Try it: From the entries that follow, copy exactly the lines beginning at the line holding "Logical Operator53/1 ->" and continuing through the line holding "[VDDM_ESC1NoComCFS_flg] -> Logical Operator41/1".

** Task inputs follows **

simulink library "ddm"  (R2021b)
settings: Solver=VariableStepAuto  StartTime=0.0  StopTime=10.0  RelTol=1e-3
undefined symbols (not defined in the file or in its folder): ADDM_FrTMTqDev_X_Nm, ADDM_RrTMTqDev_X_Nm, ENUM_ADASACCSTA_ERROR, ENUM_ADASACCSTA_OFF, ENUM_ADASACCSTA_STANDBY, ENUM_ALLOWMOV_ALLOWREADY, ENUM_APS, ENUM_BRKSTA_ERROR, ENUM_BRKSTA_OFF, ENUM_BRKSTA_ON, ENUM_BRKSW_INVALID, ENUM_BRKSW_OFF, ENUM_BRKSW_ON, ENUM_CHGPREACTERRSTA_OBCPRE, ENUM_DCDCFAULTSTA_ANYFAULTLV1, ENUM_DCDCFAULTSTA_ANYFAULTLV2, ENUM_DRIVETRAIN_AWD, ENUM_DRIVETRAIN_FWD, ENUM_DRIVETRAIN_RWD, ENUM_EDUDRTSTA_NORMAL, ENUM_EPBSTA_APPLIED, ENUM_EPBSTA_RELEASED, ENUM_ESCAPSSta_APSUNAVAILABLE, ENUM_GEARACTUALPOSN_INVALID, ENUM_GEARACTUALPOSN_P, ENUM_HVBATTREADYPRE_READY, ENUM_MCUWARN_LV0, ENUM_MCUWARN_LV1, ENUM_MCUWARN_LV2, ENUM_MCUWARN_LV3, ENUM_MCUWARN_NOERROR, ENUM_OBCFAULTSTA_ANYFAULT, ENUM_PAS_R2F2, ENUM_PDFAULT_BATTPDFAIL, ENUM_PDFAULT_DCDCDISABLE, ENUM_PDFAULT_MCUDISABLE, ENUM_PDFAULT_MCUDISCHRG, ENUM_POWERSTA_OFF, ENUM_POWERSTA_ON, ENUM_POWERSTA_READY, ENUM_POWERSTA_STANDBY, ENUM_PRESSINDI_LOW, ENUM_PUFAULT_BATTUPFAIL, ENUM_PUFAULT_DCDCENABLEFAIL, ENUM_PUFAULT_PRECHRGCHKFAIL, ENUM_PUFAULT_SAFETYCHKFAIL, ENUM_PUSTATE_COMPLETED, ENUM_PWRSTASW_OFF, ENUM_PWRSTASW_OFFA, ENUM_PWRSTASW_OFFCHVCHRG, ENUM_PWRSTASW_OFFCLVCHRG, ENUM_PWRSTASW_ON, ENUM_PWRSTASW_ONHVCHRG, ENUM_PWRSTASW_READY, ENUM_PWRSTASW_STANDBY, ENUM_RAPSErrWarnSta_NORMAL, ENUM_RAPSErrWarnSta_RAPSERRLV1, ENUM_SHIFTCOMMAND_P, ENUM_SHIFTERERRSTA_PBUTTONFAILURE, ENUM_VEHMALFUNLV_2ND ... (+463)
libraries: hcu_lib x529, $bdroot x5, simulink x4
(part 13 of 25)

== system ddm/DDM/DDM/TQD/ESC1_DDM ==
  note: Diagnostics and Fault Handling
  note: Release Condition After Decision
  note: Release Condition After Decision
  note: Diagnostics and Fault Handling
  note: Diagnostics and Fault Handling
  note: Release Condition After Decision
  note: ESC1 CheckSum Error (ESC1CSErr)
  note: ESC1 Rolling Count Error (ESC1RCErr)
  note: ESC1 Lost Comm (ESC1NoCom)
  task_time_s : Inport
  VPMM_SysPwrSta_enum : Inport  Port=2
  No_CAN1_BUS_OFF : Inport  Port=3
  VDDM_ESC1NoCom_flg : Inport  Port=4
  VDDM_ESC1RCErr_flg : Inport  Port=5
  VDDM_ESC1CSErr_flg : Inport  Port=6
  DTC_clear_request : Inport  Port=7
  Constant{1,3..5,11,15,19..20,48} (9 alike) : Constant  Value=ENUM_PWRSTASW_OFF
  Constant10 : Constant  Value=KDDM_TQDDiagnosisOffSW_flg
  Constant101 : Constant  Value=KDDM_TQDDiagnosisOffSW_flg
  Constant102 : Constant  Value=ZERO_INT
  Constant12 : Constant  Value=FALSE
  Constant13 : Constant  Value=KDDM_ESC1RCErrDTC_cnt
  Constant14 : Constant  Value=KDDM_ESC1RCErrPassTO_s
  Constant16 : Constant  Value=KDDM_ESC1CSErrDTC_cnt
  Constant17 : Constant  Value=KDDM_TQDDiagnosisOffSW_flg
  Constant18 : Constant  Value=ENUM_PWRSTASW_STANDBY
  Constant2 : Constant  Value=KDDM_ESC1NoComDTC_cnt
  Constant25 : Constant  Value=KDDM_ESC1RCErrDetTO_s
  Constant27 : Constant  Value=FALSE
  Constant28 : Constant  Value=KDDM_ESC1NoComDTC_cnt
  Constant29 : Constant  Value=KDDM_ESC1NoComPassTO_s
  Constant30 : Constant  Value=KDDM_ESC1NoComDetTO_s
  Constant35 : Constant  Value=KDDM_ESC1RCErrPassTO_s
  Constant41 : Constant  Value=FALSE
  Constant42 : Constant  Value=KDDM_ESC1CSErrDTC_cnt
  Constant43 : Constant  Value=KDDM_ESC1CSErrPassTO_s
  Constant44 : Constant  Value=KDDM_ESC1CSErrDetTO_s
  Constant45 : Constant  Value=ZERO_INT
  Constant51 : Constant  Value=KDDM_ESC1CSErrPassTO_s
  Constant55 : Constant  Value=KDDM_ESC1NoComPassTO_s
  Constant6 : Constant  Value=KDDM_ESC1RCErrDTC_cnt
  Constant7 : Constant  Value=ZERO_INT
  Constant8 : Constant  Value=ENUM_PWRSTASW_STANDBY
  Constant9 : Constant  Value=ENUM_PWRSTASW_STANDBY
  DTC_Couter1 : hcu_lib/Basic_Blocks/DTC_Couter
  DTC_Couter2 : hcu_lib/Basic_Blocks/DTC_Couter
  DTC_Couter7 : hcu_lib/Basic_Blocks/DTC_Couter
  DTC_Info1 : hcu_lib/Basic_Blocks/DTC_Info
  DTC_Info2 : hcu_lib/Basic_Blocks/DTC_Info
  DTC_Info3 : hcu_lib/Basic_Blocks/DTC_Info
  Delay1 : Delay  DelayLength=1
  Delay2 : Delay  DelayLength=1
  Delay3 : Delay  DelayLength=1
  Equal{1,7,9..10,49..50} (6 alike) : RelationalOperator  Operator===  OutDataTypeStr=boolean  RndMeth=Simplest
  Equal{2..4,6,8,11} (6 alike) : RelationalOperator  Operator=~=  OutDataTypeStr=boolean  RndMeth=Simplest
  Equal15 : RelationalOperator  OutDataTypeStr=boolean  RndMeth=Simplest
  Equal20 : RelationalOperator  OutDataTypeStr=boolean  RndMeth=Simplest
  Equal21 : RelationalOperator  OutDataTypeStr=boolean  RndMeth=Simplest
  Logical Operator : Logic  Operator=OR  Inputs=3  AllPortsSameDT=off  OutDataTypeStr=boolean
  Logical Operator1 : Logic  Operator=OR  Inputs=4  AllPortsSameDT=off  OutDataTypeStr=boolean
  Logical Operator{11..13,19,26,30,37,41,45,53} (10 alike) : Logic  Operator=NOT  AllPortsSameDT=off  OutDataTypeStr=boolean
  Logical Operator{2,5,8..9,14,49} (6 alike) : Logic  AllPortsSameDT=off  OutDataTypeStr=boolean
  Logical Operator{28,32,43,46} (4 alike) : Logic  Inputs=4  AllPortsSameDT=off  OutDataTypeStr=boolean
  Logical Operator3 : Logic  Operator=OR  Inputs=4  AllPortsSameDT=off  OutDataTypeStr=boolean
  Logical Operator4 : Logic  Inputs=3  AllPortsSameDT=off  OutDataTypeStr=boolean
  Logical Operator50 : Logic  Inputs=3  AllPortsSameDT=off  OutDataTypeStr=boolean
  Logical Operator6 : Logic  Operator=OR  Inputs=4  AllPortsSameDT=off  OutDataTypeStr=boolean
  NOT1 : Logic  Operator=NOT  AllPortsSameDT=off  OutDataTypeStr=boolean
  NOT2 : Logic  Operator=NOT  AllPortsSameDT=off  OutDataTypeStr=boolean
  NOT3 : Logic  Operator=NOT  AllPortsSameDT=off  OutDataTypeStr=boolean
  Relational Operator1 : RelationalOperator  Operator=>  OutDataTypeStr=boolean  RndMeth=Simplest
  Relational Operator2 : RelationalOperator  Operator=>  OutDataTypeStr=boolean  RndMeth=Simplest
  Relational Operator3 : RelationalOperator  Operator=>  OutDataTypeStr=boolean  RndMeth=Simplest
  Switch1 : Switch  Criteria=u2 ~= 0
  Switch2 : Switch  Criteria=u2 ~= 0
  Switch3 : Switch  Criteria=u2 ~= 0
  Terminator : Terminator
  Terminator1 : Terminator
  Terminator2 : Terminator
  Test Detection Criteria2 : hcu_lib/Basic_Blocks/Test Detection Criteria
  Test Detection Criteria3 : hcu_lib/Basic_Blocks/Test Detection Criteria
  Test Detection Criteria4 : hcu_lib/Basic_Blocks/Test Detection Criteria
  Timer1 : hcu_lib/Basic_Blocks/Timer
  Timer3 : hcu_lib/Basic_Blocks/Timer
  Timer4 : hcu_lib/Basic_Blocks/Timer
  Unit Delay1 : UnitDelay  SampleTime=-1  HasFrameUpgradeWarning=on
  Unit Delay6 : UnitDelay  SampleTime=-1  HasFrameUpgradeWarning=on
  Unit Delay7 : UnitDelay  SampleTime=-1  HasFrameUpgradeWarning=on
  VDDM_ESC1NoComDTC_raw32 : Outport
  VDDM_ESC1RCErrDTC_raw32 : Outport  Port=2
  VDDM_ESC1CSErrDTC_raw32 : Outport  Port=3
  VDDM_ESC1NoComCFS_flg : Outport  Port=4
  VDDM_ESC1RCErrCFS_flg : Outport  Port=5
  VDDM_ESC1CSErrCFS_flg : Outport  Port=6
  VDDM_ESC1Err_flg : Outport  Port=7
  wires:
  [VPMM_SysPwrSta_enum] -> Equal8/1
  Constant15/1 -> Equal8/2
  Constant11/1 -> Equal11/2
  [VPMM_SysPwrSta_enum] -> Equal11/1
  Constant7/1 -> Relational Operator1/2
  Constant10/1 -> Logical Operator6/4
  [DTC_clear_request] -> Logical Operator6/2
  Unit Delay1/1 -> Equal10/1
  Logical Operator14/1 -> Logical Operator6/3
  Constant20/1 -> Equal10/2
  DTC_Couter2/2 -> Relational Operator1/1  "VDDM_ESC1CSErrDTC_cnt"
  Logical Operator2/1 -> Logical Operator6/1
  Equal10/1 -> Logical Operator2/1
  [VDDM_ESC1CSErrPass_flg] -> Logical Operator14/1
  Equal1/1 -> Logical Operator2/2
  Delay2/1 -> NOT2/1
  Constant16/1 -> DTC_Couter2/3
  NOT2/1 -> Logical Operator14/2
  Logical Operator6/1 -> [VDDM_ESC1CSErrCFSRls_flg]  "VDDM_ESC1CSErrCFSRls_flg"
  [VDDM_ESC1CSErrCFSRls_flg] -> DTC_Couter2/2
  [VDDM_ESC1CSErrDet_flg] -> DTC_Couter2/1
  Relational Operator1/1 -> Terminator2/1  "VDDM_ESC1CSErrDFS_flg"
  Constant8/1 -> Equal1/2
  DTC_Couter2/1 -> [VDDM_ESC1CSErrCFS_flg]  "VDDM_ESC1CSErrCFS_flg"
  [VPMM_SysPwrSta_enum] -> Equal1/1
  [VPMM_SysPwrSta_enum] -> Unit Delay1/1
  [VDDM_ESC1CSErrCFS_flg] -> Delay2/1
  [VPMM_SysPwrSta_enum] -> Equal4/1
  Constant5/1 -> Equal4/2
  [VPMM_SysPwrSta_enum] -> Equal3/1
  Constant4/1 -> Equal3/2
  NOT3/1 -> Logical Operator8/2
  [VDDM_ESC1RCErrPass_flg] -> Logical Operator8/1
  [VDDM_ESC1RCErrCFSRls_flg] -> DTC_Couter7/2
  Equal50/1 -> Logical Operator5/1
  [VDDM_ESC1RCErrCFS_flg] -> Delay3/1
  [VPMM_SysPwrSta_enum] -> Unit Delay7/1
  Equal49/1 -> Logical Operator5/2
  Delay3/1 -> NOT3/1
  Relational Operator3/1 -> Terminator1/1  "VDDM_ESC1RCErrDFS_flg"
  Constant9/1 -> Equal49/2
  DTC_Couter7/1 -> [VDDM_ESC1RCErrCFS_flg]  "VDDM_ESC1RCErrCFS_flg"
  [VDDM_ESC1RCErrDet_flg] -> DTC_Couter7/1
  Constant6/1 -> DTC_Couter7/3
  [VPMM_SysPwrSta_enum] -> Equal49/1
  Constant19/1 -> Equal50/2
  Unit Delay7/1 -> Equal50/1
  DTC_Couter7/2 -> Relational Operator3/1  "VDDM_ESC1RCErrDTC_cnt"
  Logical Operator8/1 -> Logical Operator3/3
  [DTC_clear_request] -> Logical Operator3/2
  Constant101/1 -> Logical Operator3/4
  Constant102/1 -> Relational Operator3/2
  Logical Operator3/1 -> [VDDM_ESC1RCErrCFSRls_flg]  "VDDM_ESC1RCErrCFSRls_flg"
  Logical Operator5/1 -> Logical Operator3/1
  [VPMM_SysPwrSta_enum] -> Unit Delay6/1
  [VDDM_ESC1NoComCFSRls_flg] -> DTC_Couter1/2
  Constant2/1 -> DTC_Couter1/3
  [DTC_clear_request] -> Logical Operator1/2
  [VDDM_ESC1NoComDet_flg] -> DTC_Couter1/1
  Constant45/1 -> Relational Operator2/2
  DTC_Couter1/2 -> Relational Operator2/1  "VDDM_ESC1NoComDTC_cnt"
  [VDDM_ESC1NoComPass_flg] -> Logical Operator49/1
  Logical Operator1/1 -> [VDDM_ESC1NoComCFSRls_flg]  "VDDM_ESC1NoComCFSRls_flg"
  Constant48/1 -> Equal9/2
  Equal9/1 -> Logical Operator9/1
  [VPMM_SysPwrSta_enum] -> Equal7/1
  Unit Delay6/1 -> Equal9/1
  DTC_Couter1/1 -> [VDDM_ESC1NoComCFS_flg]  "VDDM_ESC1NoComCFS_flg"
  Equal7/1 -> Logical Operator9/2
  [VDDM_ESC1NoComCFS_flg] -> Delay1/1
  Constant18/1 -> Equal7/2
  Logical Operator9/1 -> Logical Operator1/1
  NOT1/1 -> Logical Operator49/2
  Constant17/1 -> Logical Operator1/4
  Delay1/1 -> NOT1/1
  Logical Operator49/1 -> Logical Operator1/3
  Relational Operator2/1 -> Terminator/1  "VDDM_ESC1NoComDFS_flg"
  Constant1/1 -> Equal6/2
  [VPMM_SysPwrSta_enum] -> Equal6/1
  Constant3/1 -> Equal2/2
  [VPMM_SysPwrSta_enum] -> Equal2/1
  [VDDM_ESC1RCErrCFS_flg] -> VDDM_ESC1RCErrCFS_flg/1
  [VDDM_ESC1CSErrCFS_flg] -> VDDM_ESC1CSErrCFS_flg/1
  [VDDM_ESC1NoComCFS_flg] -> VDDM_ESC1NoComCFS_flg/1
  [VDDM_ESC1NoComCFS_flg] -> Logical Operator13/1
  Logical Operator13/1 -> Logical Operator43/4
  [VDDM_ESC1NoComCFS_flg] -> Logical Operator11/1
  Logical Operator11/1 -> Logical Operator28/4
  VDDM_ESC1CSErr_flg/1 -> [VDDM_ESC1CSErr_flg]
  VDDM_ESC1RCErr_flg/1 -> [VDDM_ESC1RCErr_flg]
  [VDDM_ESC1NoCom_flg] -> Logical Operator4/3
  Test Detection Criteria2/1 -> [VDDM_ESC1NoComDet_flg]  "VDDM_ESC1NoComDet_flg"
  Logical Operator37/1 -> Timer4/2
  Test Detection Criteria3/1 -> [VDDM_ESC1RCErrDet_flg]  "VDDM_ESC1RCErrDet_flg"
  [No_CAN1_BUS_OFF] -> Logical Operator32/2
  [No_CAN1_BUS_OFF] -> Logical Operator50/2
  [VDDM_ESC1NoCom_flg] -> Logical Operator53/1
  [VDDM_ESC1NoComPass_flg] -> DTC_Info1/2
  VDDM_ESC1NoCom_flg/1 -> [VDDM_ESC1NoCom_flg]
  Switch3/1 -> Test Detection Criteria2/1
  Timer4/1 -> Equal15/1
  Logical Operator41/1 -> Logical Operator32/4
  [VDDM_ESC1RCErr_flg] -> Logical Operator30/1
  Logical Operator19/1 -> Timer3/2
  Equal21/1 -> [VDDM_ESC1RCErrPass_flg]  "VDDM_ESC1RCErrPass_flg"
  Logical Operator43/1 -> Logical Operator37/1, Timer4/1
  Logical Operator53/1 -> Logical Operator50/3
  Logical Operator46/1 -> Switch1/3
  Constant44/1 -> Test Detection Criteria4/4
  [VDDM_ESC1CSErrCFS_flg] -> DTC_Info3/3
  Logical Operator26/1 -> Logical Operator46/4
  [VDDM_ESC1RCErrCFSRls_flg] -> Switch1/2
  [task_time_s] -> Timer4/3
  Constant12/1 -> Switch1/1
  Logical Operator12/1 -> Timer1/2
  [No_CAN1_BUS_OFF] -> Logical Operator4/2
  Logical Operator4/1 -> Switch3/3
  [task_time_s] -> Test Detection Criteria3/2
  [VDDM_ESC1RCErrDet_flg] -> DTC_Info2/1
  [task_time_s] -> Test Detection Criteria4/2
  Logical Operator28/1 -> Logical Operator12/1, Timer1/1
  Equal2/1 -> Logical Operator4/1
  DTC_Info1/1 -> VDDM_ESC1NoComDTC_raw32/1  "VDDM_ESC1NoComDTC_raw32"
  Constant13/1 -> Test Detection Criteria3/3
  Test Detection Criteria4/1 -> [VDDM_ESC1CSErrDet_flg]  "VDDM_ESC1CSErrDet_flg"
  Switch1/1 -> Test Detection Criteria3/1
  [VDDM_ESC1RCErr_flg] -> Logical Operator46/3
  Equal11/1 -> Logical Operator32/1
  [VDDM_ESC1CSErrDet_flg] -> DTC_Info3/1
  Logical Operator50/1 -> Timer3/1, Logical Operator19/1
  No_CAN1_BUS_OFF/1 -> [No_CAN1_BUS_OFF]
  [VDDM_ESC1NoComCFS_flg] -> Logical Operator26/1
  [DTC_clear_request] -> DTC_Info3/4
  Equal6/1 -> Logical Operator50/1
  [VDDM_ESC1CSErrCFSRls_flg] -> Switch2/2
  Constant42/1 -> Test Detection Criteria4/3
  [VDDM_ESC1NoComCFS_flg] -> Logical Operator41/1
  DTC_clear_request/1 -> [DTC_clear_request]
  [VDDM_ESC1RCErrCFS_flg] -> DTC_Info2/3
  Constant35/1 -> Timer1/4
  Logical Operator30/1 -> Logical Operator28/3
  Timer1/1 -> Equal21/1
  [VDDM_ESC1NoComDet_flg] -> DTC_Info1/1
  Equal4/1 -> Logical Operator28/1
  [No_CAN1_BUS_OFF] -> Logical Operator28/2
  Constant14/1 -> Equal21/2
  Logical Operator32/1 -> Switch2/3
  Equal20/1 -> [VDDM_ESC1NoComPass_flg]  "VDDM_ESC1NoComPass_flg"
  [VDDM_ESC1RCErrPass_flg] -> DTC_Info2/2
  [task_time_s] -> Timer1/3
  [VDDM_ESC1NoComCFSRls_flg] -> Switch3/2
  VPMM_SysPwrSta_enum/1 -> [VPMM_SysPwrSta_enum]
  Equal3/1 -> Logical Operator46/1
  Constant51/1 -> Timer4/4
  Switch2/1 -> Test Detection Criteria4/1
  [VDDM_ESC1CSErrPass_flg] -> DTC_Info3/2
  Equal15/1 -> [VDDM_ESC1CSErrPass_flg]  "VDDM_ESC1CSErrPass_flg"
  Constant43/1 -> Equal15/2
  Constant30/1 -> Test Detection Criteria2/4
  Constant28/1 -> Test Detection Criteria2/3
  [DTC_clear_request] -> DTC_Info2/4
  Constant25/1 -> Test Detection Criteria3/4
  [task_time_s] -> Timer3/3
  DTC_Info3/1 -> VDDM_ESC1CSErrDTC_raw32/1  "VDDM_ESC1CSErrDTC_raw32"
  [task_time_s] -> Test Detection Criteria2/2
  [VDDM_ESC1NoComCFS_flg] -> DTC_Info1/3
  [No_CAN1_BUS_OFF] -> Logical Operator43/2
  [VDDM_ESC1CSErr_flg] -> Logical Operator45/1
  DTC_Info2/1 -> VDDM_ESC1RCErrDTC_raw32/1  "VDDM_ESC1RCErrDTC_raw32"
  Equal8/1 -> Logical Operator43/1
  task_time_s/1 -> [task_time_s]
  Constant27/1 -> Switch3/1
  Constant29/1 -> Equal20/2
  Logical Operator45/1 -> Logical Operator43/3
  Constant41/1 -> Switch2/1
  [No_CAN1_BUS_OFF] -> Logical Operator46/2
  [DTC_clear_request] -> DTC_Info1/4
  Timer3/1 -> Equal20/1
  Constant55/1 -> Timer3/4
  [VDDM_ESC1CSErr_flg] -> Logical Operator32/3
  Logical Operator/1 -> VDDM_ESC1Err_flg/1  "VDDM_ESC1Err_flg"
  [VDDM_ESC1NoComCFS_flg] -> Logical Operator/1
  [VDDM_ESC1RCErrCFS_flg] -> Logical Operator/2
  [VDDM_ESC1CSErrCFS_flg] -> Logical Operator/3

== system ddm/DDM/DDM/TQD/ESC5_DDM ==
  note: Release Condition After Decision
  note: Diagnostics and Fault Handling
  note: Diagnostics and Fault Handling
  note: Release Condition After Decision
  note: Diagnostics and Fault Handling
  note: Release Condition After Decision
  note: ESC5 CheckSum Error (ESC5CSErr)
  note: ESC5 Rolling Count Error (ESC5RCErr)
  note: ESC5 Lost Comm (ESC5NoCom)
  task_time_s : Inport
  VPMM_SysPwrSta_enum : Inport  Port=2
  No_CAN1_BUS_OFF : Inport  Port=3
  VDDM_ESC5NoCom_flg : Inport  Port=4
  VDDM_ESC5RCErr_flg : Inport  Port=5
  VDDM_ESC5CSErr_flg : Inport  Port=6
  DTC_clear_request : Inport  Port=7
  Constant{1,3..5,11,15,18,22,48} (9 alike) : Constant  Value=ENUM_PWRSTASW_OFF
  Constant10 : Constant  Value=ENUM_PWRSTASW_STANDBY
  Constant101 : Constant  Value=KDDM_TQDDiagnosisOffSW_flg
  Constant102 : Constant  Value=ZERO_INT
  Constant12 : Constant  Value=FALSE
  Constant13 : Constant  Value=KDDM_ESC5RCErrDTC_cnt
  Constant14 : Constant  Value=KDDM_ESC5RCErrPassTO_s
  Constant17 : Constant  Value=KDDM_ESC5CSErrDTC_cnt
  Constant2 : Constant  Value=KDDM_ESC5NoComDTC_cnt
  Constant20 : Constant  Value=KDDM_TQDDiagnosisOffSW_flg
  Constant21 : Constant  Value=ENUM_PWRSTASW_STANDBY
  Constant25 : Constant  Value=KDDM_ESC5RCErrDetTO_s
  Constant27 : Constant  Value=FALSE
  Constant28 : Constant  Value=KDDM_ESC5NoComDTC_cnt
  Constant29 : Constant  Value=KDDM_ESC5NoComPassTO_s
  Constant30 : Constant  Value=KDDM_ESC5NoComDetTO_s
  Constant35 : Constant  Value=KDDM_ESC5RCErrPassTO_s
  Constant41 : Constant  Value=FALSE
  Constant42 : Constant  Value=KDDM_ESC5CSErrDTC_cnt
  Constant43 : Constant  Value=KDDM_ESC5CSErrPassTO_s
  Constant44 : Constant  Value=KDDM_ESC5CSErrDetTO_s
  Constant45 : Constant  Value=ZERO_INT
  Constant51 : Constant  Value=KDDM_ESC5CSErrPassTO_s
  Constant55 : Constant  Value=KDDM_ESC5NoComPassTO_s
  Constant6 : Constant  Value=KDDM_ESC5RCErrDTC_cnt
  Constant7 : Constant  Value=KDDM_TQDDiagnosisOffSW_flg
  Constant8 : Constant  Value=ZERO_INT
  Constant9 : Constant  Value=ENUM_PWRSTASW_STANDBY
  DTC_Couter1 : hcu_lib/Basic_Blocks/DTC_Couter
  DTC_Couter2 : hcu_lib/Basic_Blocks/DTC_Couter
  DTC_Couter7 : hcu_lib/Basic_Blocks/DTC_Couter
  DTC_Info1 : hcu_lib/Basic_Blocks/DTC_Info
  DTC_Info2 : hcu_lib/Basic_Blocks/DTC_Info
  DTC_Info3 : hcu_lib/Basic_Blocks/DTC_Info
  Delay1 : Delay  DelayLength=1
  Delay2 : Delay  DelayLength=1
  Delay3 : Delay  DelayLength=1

** End of Task inputs **

Response to this exercise:
  Logical Operator53/1 -> Logical Operator50/3
  Logical Operator46/1 -> Switch1/3
  Constant44/1 -> Test Detection Criteria4/4
  [VDDM_ESC1CSErrCFS_flg] -> DTC_Info3/3
  Logical Operator26/1 -> Logical Operator46/4
  [VDDM_ESC1RCErrCFSRls_flg] -> Switch1/2
  [task_time_s] -> Timer4/3
  Constant12/1 -> Switch1/1
  Logical Operator12/1 -> Timer1/2
  [No_CAN1_BUS_OFF] -> Logical Operator4/2
  Logical Operator4/1 -> Switch3/3
  [task_time_s] -> Test Detection Criteria3/2
  [VDDM_ESC1RCErrDet_flg] -> DTC_Info2/1
  [task_time_s] -> Test Detection Criteria4/2
  Logical Operator28/1 -> Logical Operator12/1, Timer1/1
  Equal2/1 -> Logical Operator4/1
  DTC_Info1/1 -> VDDM_ESC1NoComDTC_raw32/1  "VDDM_ESC1NoComDTC_raw32"
  Constant13/1 -> Test Detection Criteria3/3
  Test Detection Criteria4/1 -> [VDDM_ESC1CSErrDet_flg]  "VDDM_ESC1CSErrDet_flg"
  Switch1/1 -> Test Detection Criteria3/1
  [VDDM_ESC1RCErr_flg] -> Logical Operator46/3
  Equal11/1 -> Logical Operator32/1
  [VDDM_ESC1CSErrDet_flg] -> DTC_Info3/1
  Logical Operator50/1 -> Timer3/1, Logical Operator19/1
  No_CAN1_BUS_OFF/1 -> [No_CAN1_BUS_OFF]
  [VDDM_ESC1NoComCFS_flg] -> Logical Operator26/1
  [DTC_clear_request] -> DTC_Info3/4
  Equal6/1 -> Logical Operator50/1
  [VDDM_ESC1CSErrCFSRls_flg] -> Switch2/2
  Constant42/1 -> Test Detection Criteria4/3
  [VDDM_ESC1NoComCFS_flg] -> Logical Operator41/1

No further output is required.